HISTORIA DE UNA VOCACIÓN

Cuando se tiene vocación por la pintura y los avatares de la vida te conducen por otros derroteros, se siente siempre como una comezón que te lleva a coger instintivamente el lápiz y esbozar, sin darte mucha cuenta, líneas y dibujos. Mis primeros recuerdos infantiles van unidos a lápices de colores, que en la pubertad se concretan en pinturas realizadas con más afán de superación que con conocimientos técnicos. Pero cuanto existe vocación termina por aprenderse lo necesario husmeando en libros, preguntando, ensayando y practicando. Mi juventud fue una etapa de autoafirmación pictórica en los escasos momentos que me lo permitían mis estudios en campos muy alejados del arte; aún conservo dibujos, carboncillos, óleos y acuarelas de aquella etapa de mi vida, en que me imponía una rígida disciplina académica para aprender los secretos del dibujo, de la mancha y del claroscuro.

 

Pero mi vida estaba embarcada en quehaceres completamente alejados de la pintura. No fue hasta el año 1984 cuando, al alcanzar una cierta estabilidad económica, pude liberar las tardes para recuperar mi vocación perdida. Al principio fue desalentador de tan oxidado y falto de práctica como estaba; mis medios eran también reducidos, pues carecía de local adecuado para pintar y tenía que hacerlo en un rincón del salón de la vivienda, por lo que, para no manchar ni atufar a la familia con trementina, practicaba con la acuarela. Pero era consciente que un autodidacta no tiene más remedio que aprender practicando y que podía pasarme mucho tiempo tirando y rompiendo acuarelas; me impuse, para aprender, un rigor académico, tanto que llegué a desvirtuar conscientemente el propio medio de la acuarela, pues para conseguir las luces que me demandaba el cuadro había de obtener oscuridades que sólo se conseguían cargando el pincel de pintura con poca agua; conseguía de esta forma acuarelas que parecían óleos, sin las transparencias propias de la aguada.

 

Pronto me volqué a pintar bodegones y flores, con esa técnica de pincel poco húmedo. Eran cuadros formalmente bien acabados, realistas, académicos, minuciosos en el detalle y que llegaban fácilmente a un público no muy exigente. Las tres exposiciones de acuarelas que realicé en Huesca obtuvieron así muy buena acogida por el público y los críticos locales las trataron con benevolencia e incluso con aplauso.

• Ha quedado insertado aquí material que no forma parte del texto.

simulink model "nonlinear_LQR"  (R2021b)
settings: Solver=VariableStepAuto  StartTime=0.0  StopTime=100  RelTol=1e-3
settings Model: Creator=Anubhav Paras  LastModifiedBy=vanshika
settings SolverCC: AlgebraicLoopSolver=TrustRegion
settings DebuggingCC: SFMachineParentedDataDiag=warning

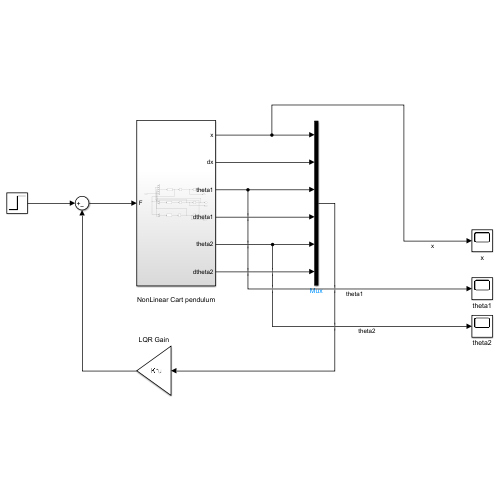
[thumbnail: Simulink's stored preview of the top-level diagram]
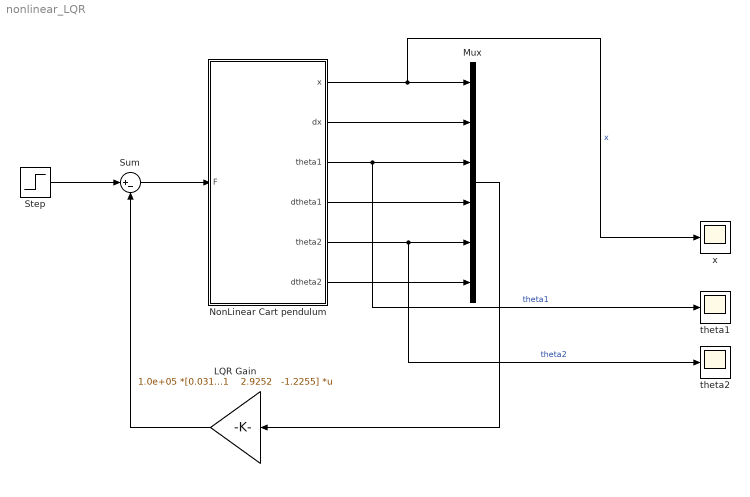
== system nonlinear_LQR ==
  " NonLinear Cart pendulum" : Subsystem
  LQR Gain : Gain  Gain="1.0e+05 *[0.0316    0.1518    0.6176    1.1011    2.9252   -1.2255]"  Multiplication=Matrix(K*u)
  Mux : Mux  Inputs=6
  Step : Step  SampleTime=100
  Sum : Sum  Inputs=|+-
  theta1 : Scope
  theta2 : Scope
  x : Scope
  wires:
  " NonLinear Cart pendulum"/1(x) -> Mux/1, x/1  "x"
  " NonLinear Cart pendulum"/2(dx) -> Mux/2
  " NonLinear Cart pendulum"/3(theta1) -> Mux/3, theta1/1  "theta1"
  " NonLinear Cart pendulum"/4(dtheta1) -> Mux/4
  " NonLinear Cart pendulum"/5(theta2) -> Mux/5, theta2/1  "theta2"
  " NonLinear Cart pendulum"/6(dtheta2) -> Mux/6
  Mux/1 -> LQR Gain/1
  Step/1 -> Sum/1
  Sum/1 -> " NonLinear Cart pendulum"/1(F)
  LQR Gain/1 -> Sum/2

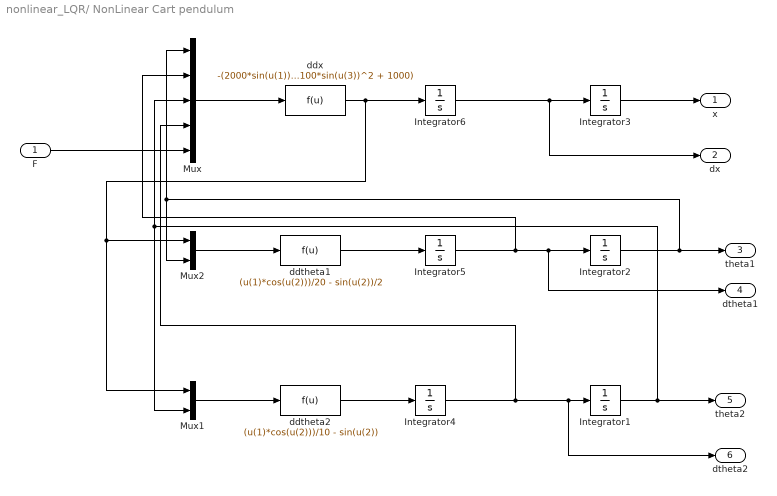
== system nonlinear_LQR/ NonLinear Cart pendulum ==
  F : Inport
  Integrator1 : Integrator  InitialCondition=0.1
  Integrator2 : Integrator  InitialCondition=0.1
  Integrator3 : Integrator  InitialCondition=0.5
  Integrator4 : Integrator
  Integrator5 : Integrator
  Integrator6 : Integrator
  Mux : Mux  Inputs=5
  Mux1 : Mux  Inputs=2
  Mux2 : Mux  Inputs=2
  ddtheta1 : Fcn  Expr=(u(1)*cos(u(2)))/20 - sin(u(2))/2
  ddtheta2 : Fcn  Expr=(u(1)*cos(u(2)))/10 - sin(u(2))
  ddx : Fcn  Expr=-(2000*sin(u(1))*u(2)^2 + 1000*sin(u(3))*u(4)^2 - u(5) + 1000*cos(u(1))*sin(u(1)) - 1000*cos(u(3))*sin(u(3)))/(100*sin(u(1))^2 + 100*sin(u(3))^2 + 1000)
  x : Outport
  dx : Outport  Port=2
  theta1 : Outport  Port=3
  dtheta1 : Outport  Port=4
  theta2 : Outport  Port=5
  dtheta2 : Outport  Port=6
  wires:
  ddtheta2/1 -> Integrator4/1
  ddx/1 -> Mux1/1, Mux2/1, Integrator6/1
  Integrator6/1 -> Integrator3/1, dx/1
  Mux1/1 -> ddtheta2/1
  Integrator5/1 -> Mux/2, Integrator2/1, dtheta1/1
  Mux/1 -> ddx/1
  Integrator1/1 -> theta2/1, Mux1/2, Mux/3
  Integrator2/1 -> theta1/1, Mux2/2, Mux/1
  ddtheta1/1 -> Integrator5/1
  Integrator4/1 -> Mux/4, Integrator1/1, dtheta2/1
  Mux2/1 -> ddtheta1/1
  Integrator3/1 -> x/1
  F/1 -> Mux/5
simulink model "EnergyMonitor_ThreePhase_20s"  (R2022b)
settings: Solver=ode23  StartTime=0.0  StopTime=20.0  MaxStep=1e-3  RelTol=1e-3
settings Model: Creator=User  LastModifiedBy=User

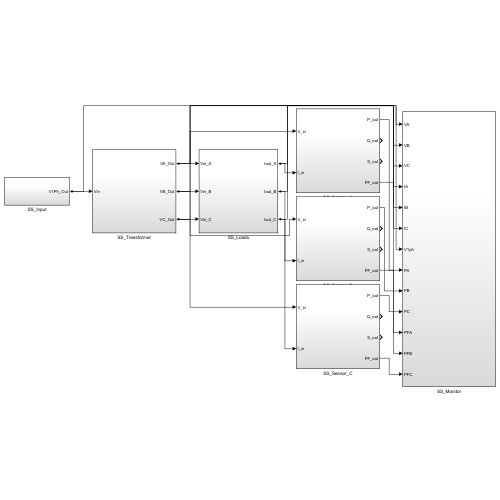
[thumbnail: Simulink's stored preview of the top-level diagram]
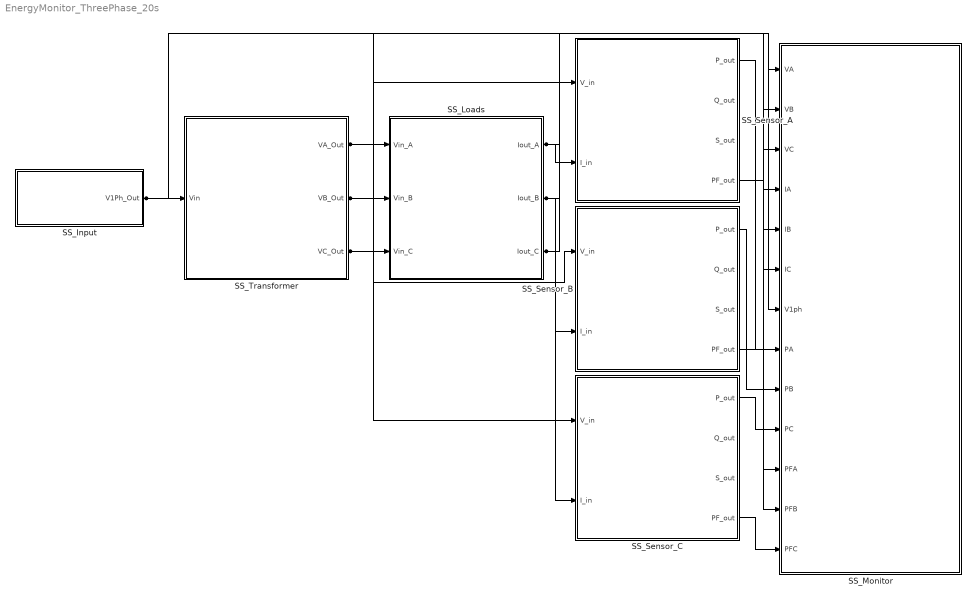
== system EnergyMonitor_ThreePhase_20s ==
  SS_Input : Subsystem
  SS_Loads : Subsystem
  SS_Monitor : Subsystem
  SS_Sensor_A : Subsystem
  SS_Sensor_B : Subsystem
  SS_Sensor_C : Subsystem
  SS_Transformer : Subsystem
  wires:
  SS_Input/1(V1Ph_Out) -> SS_Transformer/1(Vin), SS_Monitor/7(V1ph)
  SS_Transformer/1(VA_Out) -> SS_Loads/1(Vin_A), SS_Monitor/1(VA), SS_Sensor_A/1(V_in)
  SS_Transformer/2(VB_Out) -> SS_Loads/2(Vin_B), SS_Monitor/2(VB), SS_Sensor_B/1(V_in)
  SS_Transformer/3(VC_Out) -> SS_Loads/3(Vin_C), SS_Monitor/3(VC), SS_Sensor_C/1(V_in)
  SS_Loads/1(Iout_A) -> SS_Monitor/4(IA), SS_Sensor_A/2(I_in)
  SS_Loads/2(Iout_B) -> SS_Monitor/5(IB), SS_Sensor_B/2(I_in)
  SS_Loads/3(Iout_C) -> SS_Monitor/6(IC), SS_Sensor_C/2(I_in)
  SS_Sensor_A/1(P_out) -> SS_Monitor/8(PA)
  SS_Sensor_B/1(P_out) -> SS_Monitor/9(PB)
  SS_Sensor_C/1(P_out) -> SS_Monitor/10(PC)
  SS_Sensor_A/4(PF_out) -> SS_Monitor/11(PFA)
  SS_Sensor_B/4(PF_out) -> SS_Monitor/12(PFB)
  SS_Sensor_C/4(PF_out) -> SS_Monitor/13(PFC)

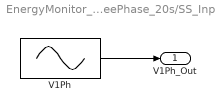
== system EnergyMonitor_ThreePhase_20s/SS_Input ==
  V1Ph : Sin  Amplitude=325.269119  Frequency=314.159265  SampleTime=0
  V1Ph_Out : Outport
  wires:
  V1Ph/1 -> V1Ph_Out/1

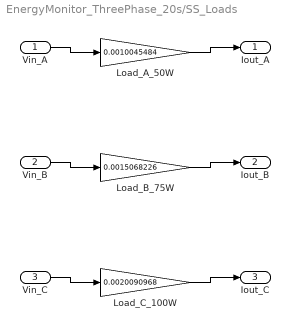
== system EnergyMonitor_ThreePhase_20s/SS_Loads ==
  Vin_A : Inport
  Vin_B : Inport  Port=2
  Vin_C : Inport  Port=3
  Load_A_50W : Gain  Gain=0.0010045484
  Load_B_75W : Gain  Gain=0.0015068226
  Load_C_100W : Gain  Gain=0.0020090968
  Iout_A : Outport
  Iout_B : Outport  Port=2
  Iout_C : Outport  Port=3
  wires:
  Vin_A/1 -> Load_A_50W/1
  Load_A_50W/1 -> Iout_A/1
  Vin_B/1 -> Load_B_75W/1
  Load_B_75W/1 -> Iout_B/1
  Vin_C/1 -> Load_C_100W/1
  Load_C_100W/1 -> Iout_C/1

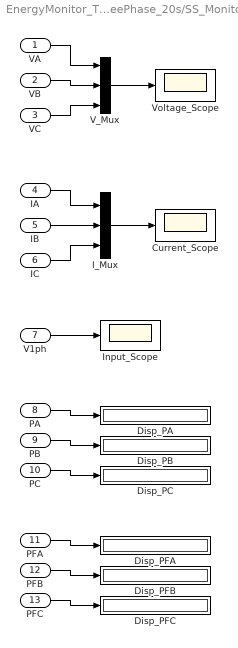
== system EnergyMonitor_ThreePhase_20s/SS_Monitor ==
  VA : Inport
  VB : Inport  Port=2
  VC : Inport  Port=3
  IA : Inport  Port=4
  IB : Inport  Port=5
  IC : Inport  Port=6
  V1ph : Inport  Port=7
  PA : Inport  Port=8
  PB : Inport  Port=9
  PC : Inport  Port=10
  PFA : Inport  Port=11
  PFB : Inport  Port=12
  PFC : Inport  Port=13
  Current_Scope : Scope
  Disp_PA : Display
  Disp_PB : Display
  Disp_PC : Display
  Disp_PFA : Display
  Disp_PFB : Display
  Disp_PFC : Display
  I_Mux : Mux  Inputs=3
  Input_Scope : Scope
  V_Mux : Mux  Inputs=3
  Voltage_Scope : Scope
  wires:
  VA/1 -> V_Mux/1
  VB/1 -> V_Mux/2
  VC/1 -> V_Mux/3
  V_Mux/1 -> Voltage_Scope/1
  IA/1 -> I_Mux/1
  IB/1 -> I_Mux/2
  IC/1 -> I_Mux/3
  I_Mux/1 -> Current_Scope/1
  V1ph/1 -> Input_Scope/1
  PA/1 -> Disp_PA/1
  PB/1 -> Disp_PB/1
  PC/1 -> Disp_PC/1
  PFA/1 -> Disp_PFA/1
  PFB/1 -> Disp_PFB/1
  PFC/1 -> Disp_PFC/1

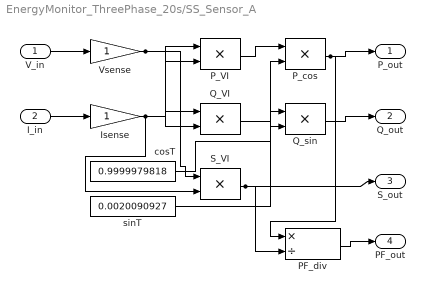
== system EnergyMonitor_ThreePhase_20s/SS_Sensor_A ==
  V_in : Inport
  I_in : Inport  Port=2
  Isense : Gain
  PF_div : Product  Inputs=*/
  P_VI : Product  Inputs=**
  P_cos : Product  Inputs=**
  Q_VI : Product  Inputs=**
  Q_sin : Product  Inputs=**
  S_VI : Product  Inputs=**
  Vsense : Gain
  cosT : Constant  Value=0.9999979818
  sinT : Constant  Value=0.0020090927
  P_out : Outport
  Q_out : Outport  Port=2
  S_out : Outport  Port=3
  PF_out : Outport  Port=4
  wires:
  V_in/1 -> Vsense/1
  I_in/1 -> Isense/1
  Vsense/1 -> P_VI/1, Q_VI/1, S_VI/1
  Isense/1 -> P_VI/2, Q_VI/2, S_VI/2
  P_VI/1 -> P_cos/1
  cosT/1 -> P_cos/2
  P_cos/1 -> P_out/1, PF_div/1
  Q_VI/1 -> Q_sin/1
  sinT/1 -> Q_sin/2
  Q_sin/1 -> Q_out/1
  S_VI/1 -> S_out/1, PF_div/2
  PF_div/1 -> PF_out/1

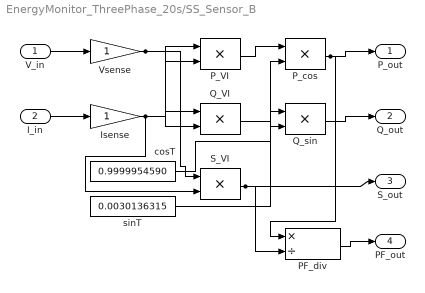
== system EnergyMonitor_ThreePhase_20s/SS_Sensor_B ==
  V_in : Inport
  I_in : Inport  Port=2
  Isense : Gain
  PF_div : Product  Inputs=*/
  P_VI : Product  Inputs=**
  P_cos : Product  Inputs=**
  Q_VI : Product  Inputs=**
  Q_sin : Product  Inputs=**
  S_VI : Product  Inputs=**
  Vsense : Gain
  cosT : Constant  Value=0.9999954590
  sinT : Constant  Value=0.0030136315
  P_out : Outport
  Q_out : Outport  Port=2
  S_out : Outport  Port=3
  PF_out : Outport  Port=4
  wires:
  V_in/1 -> Vsense/1
  I_in/1 -> Isense/1
  Vsense/1 -> P_VI/1, Q_VI/1, S_VI/1
  Isense/1 -> P_VI/2, Q_VI/2, S_VI/2
  P_VI/1 -> P_cos/1
  cosT/1 -> P_cos/2
  P_cos/1 -> P_out/1, PF_div/1
  Q_VI/1 -> Q_sin/1
  sinT/1 -> Q_sin/2
  Q_sin/1 -> Q_out/1
  S_VI/1 -> S_out/1, PF_div/2
  PF_div/1 -> PF_out/1

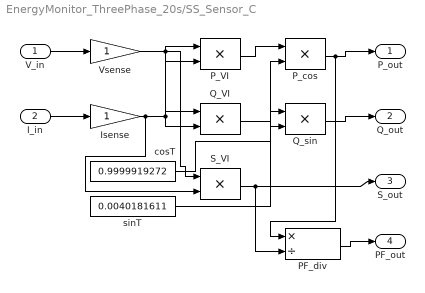
== system EnergyMonitor_ThreePhase_20s/SS_Sensor_C ==
  V_in : Inport
  I_in : Inport  Port=2
  Isense : Gain
  PF_div : Product  Inputs=*/
  P_VI : Product  Inputs=**
  P_cos : Product  Inputs=**
  Q_VI : Product  Inputs=**
  Q_sin : Product  Inputs=**
  S_VI : Product  Inputs=**
  Vsense : Gain
  cosT : Constant  Value=0.9999919272
  sinT : Constant  Value=0.0040181611
  P_out : Outport
  Q_out : Outport  Port=2
  S_out : Outport  Port=3
  PF_out : Outport  Port=4
  wires:
  V_in/1 -> Vsense/1
  I_in/1 -> Isense/1
  Vsense/1 -> P_VI/1, Q_VI/1, S_VI/1
  Isense/1 -> P_VI/2, Q_VI/2, S_VI/2
  P_VI/1 -> P_cos/1
  cosT/1 -> P_cos/2
  P_cos/1 -> P_out/1, PF_div/1
  Q_VI/1 -> Q_sin/1
  sinT/1 -> Q_sin/2
  Q_sin/1 -> Q_out/1
  S_VI/1 -> S_out/1, PF_div/2
  PF_div/1 -> PF_out/1

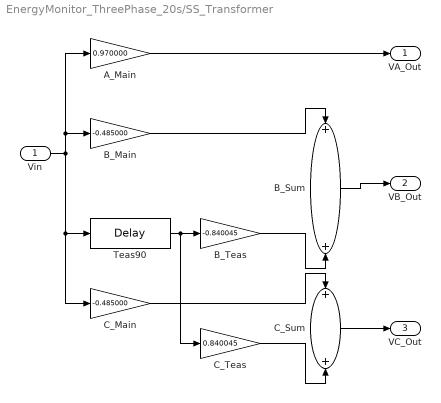
== system EnergyMonitor_ThreePhase_20s/SS_Transformer ==
  Vin : Inport
  A_Main : Gain  Gain=0.970000
  B_Main : Gain  Gain=-0.485000
  B_Sum : Sum
  B_Teas : Gain  Gain=-0.840045
  C_Main : Gain  Gain=-0.485000
  C_Sum : Sum
  C_Teas : Gain  Gain=0.840045
  Teas90 : TransportDelay  DelayTime=0.00500000
  VA_Out : Outport
  VB_Out : Outport  Port=2
  VC_Out : Outport  Port=3
  wires:
  Vin/1 -> Teas90/1, C_Main/1, A_Main/1, B_Main/1
  Teas90/1 -> B_Teas/1, C_Teas/1
  B_Main/1 -> B_Sum/1
  B_Teas/1 -> B_Sum/2
  C_Main/1 -> C_Sum/1
  C_Teas/1 -> C_Sum/2
  A_Main/1 -> VA_Out/1
  B_Sum/1 -> VB_Out/1
  C_Sum/1 -> VC_Out/1

Pero mi esfuerzo con la acuarela era sólo aprendizaje, por lo que llegó el momento en que consideré que seguir pintando brillos, telas y bordados, cristales, bronces y cerámicas se convertía casi en un trabajo, decidí dejarlo. Es la ventaja que tiene el dedicarse a la pintura no por necesidad sino por pura afición.

El cambio fue radical. Habia conseguido una habitación exclusiva para pintar y rápidamente pasé al óleo por adaptarse mejor a mi estilo. Tenía acumulados bastantes bocetos, bosquejos y dibujos realizados tan sólo a lápiz, con simples líneas principalmente curvas con tendencias geométricas, que definían figuras muy abstraídas. Trabajando sobre esos bocetos pinté una serie de cuadros un tanto abstractos, en los que las tintas planas de color definían un juego de líneas en colores oscuros, para darles mayor protagonismo, en tanto que la figuración se hacía más manifiesta; las tintas planas se matizaron más tarde iniciándose un ligero modelado; la línea pasó después a un segudo plano, buscando ya claramente los volúmenes e insinuando profundidades. Toda esa evolución, desde casi abstracción a una figuración manifiesta, se ha realizado a lo largo de varios años, en los que he realizado varias exposiciones con críticas francamente favorables.

En la presente exposición pueden advertirse las últimas fases de mi evolución pictórica, que evidentemente no se va a detener. Pero en todo caso hay algo común a toda mi obra y es el gusto por la línea pura, estilizada y curva, que tan bien se adapta a la anatomía femenina; la primacía que otorgo a la composición; la tendencia a llenar toda la superficie pictórica con figuras; y, en fin, una ejecución pulcra, pausada y perfeccionista.